For generations, those places were integrated into community life. People seemingly stayed closer to where they were from, establishing bonds that, today, aren’t quite the same as folks move away. In recent times, aging volunteer boards often oversee cemeteries’ existence, and many are struggling for donations to help cover the cost of mowing and maintenance.
On the flip side, the internet has opened a whole new world of interest in the topic. Websites such as Find a Grave allow instant access to information for research in ways never before possible, and social media influencers share stories of people they “meet” in cemeteries by cleaning their stones.

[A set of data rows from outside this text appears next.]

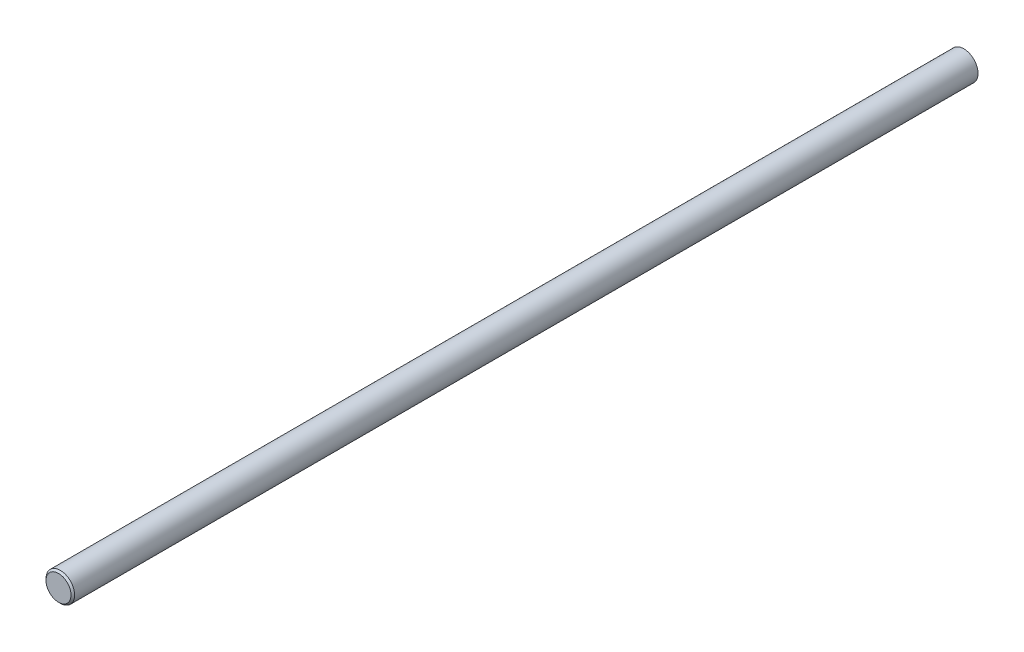
SolidWorks part; units mm, degrees
ref_plane "Front Plane" through (0, 0, 0) normal (0, 0, 1) x (1, 0, 0)
ref_plane "Top Plane" through (0, 0, 0) normal (0, 1, 0) x (1, 0, 0)
ref_plane "Right Plane" through (0, 0, 0) normal (1, 0, 0) x (0, 0, -1)
sketch "Sketch1" plane through (0, 0, 0) normal (0, 0, 1) x (1, 0, 0)
  line L0 (-3, 0) -> (3, 0) construction
  point P4 (0, 0)
  dimension "Diameter" = 6
sketch "Sketch2" plane through (0, 0, 0) normal (1, 0, 0) x (0, 0, -1)
  line L0 (152.4, 0) -> (-152.4, 0) construction
  line L1 (-152.4, 3) -> (-152.4, -3) construction
  line L2 (152.4, 3) -> (152.4, -3) construction
  point P0 (-145.5, 0)
  point P4 (0, 0)
  point P6 (145.5, 0)
  point P10 (152.4, 0)
  point P12 (-152.4, 0)
  dimension "Length" = 304.8
  dimension "D1" = 6.9
  dimension "D2" = 6.9
  dimension "D3" = 6
sketch "Sketch3" plane through (0, 0, 0) normal (0, 0, 1) x (1, 0, 0)
  circle A0 centre (0, 0) radius 3
extrude "Boss-Extrude1" add sketch "Sketch3" along normal mid plane 304.8
chamfer "Chamfer1" distance 0.375 angle 45 2 edges at (3, 0, -152.4) (3, 0, 152.4)
ref_plane "Plane1" through (0, 0, -37.6) normal (0, 0, 1) x (1, 0, 0)
sketch "Sketch4" plane through (0, 0, -37.6) normal (0, 0, 1) x (1, 0, 0)
  circle A0 centre (0, 0) radius 3 construction
  circle A1 centre (0, 0) radius 3
extrude "Cut-Extrude1" cut sketch "Sketch4" against normal through all
equation "\"Length@Boss-Extrude1\" = \"Length@Sketch2\""
equation "\"D3@Sketch2\" = \"Diameter@Sketch1\""
equation "\"D1@Sketch2\" = \"Diameter@Sketch1\" * 1.15"
equation "\"D2@Sketch2\"=\"D1@Sketch2\""
equation "\"D1@Chamfer1\"=.0625*\"Diameter@Sketch1\""
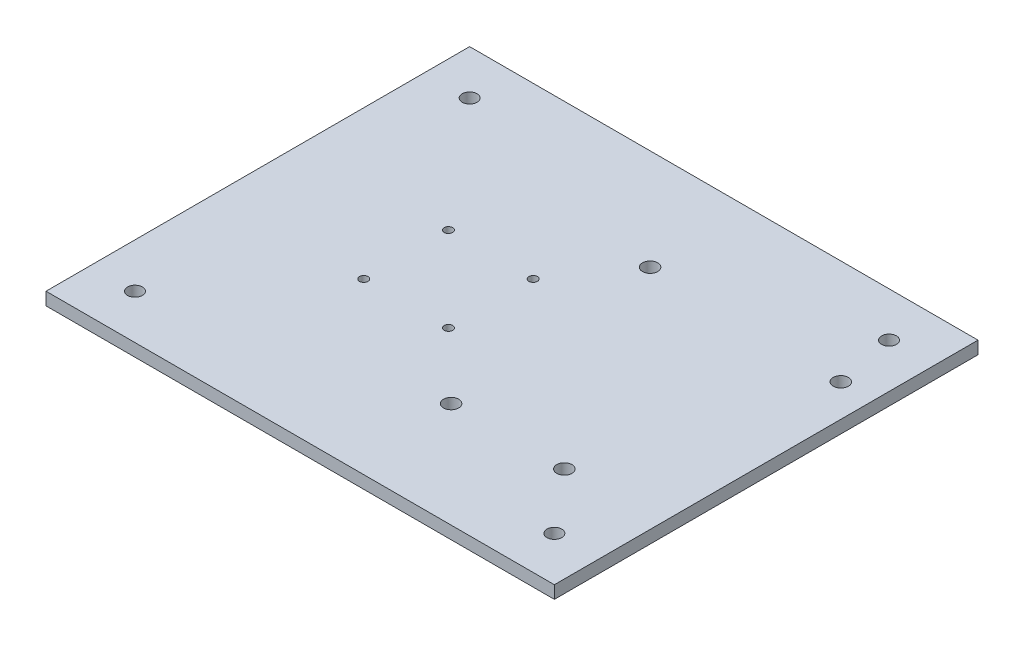
SolidWorks part; units mm, degrees
ref_plane "Front Plane" through (0, 0, 0) normal (0, 0, 1) x (1, 0, 0)
ref_plane "Top Plane" through (0, 0, 0) normal (0, 1, 0) x (1, 0, 0)
ref_plane "Right Plane" through (0, 0, 0) normal (1, 0, 0) x (0, 0, -1)
sketch "Sketch1" plane through (0, 0, 0) normal (0, 1, 0) x (1, 0, 0)
  line L1 (0, 0) -> (120, 0)
  line L2 (0, 0) -> (0, 100)
  line L3 (0, 100) -> (120, 100)
  line L4 (120, 0) -> (120, 100)
  dimension "D1" = 100
  dimension "D2" = 120
extrude "Boss-Extrude1" add sketch "Sketch1" along normal blind 3
sketch "Sketch2" plane through (0, 3, 0) normal (0, 1, 0) x (1, 0, 0)
  line L0 (10.5, 89.5) -> (109.5, 89.5) construction
  line L1 (10.5, 89.5) -> (10.5, 10.5) construction
  line L2 (10.5, 10.5) -> (109.5, 10.5) construction
  line L3 (109.5, 89.5) -> (109.5, 10.5) construction
  line L5 (60, 89.5) -> (60, 10.5) construction
  line L6 (0, 100) -> (120, 0) construction
  circle A0 centre (10.5, 89.5) radius 1.75
  circle A1 centre (109.5, 89.5) radius 1.75
  circle A2 centre (109.5, 10.5) radius 1.75
  circle A3 centre (10.5, 10.5) radius 1.75
  point P14 (60, 50)
  dimension "D3" = 3.5
  dimension "D1" = 99
  dimension "D2" = 79
extrude "holes_spacers" cut sketch "Sketch2" against normal blind 10
sketch "Sketch3" plane through (0, 3, 0) normal (0, 1, 0) x (1, 0, 0)
  line L0 (35, 60) -> (55, 60) construction
  line L1 (35, 60) -> (35, 40) construction
  line L2 (35, 40) -> (55, 40) construction
  line L3 (55, 60) -> (55, 40) construction
  line L4 (35, 60) -> (55, 40) construction
  line L5 (0, 100) -> (120, 0) construction
  line L6 (45, 50) -> (60, 50) construction
  circle A0 centre (35, 60) radius 1
  circle A1 centre (55, 60) radius 1
  circle A2 centre (55, 40) radius 1
  circle A3 centre (35, 40) radius 1
  point P12 (60, 50)
  point P13 (45, 50)
  point P16 (47.1074, 49.3005)
  dimension "D3" = 2
  dimension "D1" = 20
  dimension "D2" = 20
  dimension "D4" = 15
extrude "holes_IMU" cut sketch "Sketch3" against normal up to next
sketch "Sketch4" plane through (0, 3, 0) normal (0, 1, 0) x (1, 0, 0)
  line L0 (66.3897, 76.2074) -> (112.3297, 76.2074) construction
  line L1 (112.3297, 76.2074) -> (112.3297, 75.2874) construction
  line L2 (112.3297, 75.2874) -> (112.3297, 24.8374) construction
  line L3 (112.3297, 24.8374) -> (97.5197, 24.8374) construction
  line L4 (97.5197, 24.8374) -> (70.7797, 24.8374) construction
  circle A0 centre (66.3897, 76.2074) radius 1.8
  circle A1 centre (112.3297, 75.2874) radius 1.8
  circle A2 centre (97.5197, 24.8374) radius 1.8
  circle A3 centre (70.7797, 24.8374) radius 1.8
  dimension "D2" = 3.6
  dimension "D1" = 0.92
  dimension "D3" = 50.45
  dimension "D4" = 14.81
  dimension "D5" = 26.74
extrude "holes_arduino" cut sketch "Sketch4" against normal up to next

“There is kind of a split, because the people who are excited about cemeteries aren’t really excited about a struggling rural one where many of the stones aren’t carved,” noted Abby Burnett, an authority on Arkansas cemeteries who has written two books on the topic. “They want the carvings, the statues, the angels, the things of the story behind them, and some of the rural ones are a lot harder to get that information.”
Does that shift matter? Spoiler alert: I don’t know. This essay does not present any answers, but rather perspectives on how those seemingly countless rural cemeteries have lived their own legacies – or died, in cases where they lie overgrown and forgotten.
Bonds of the Past Give Way to the Present
In rural areas, I often drive by those fenced gardens of memories and think about the lives of people we will never meet, of a world that is much different from our own. They are everywhere here in the Ozarks, a reality probably similar in other rural parts of the country, too.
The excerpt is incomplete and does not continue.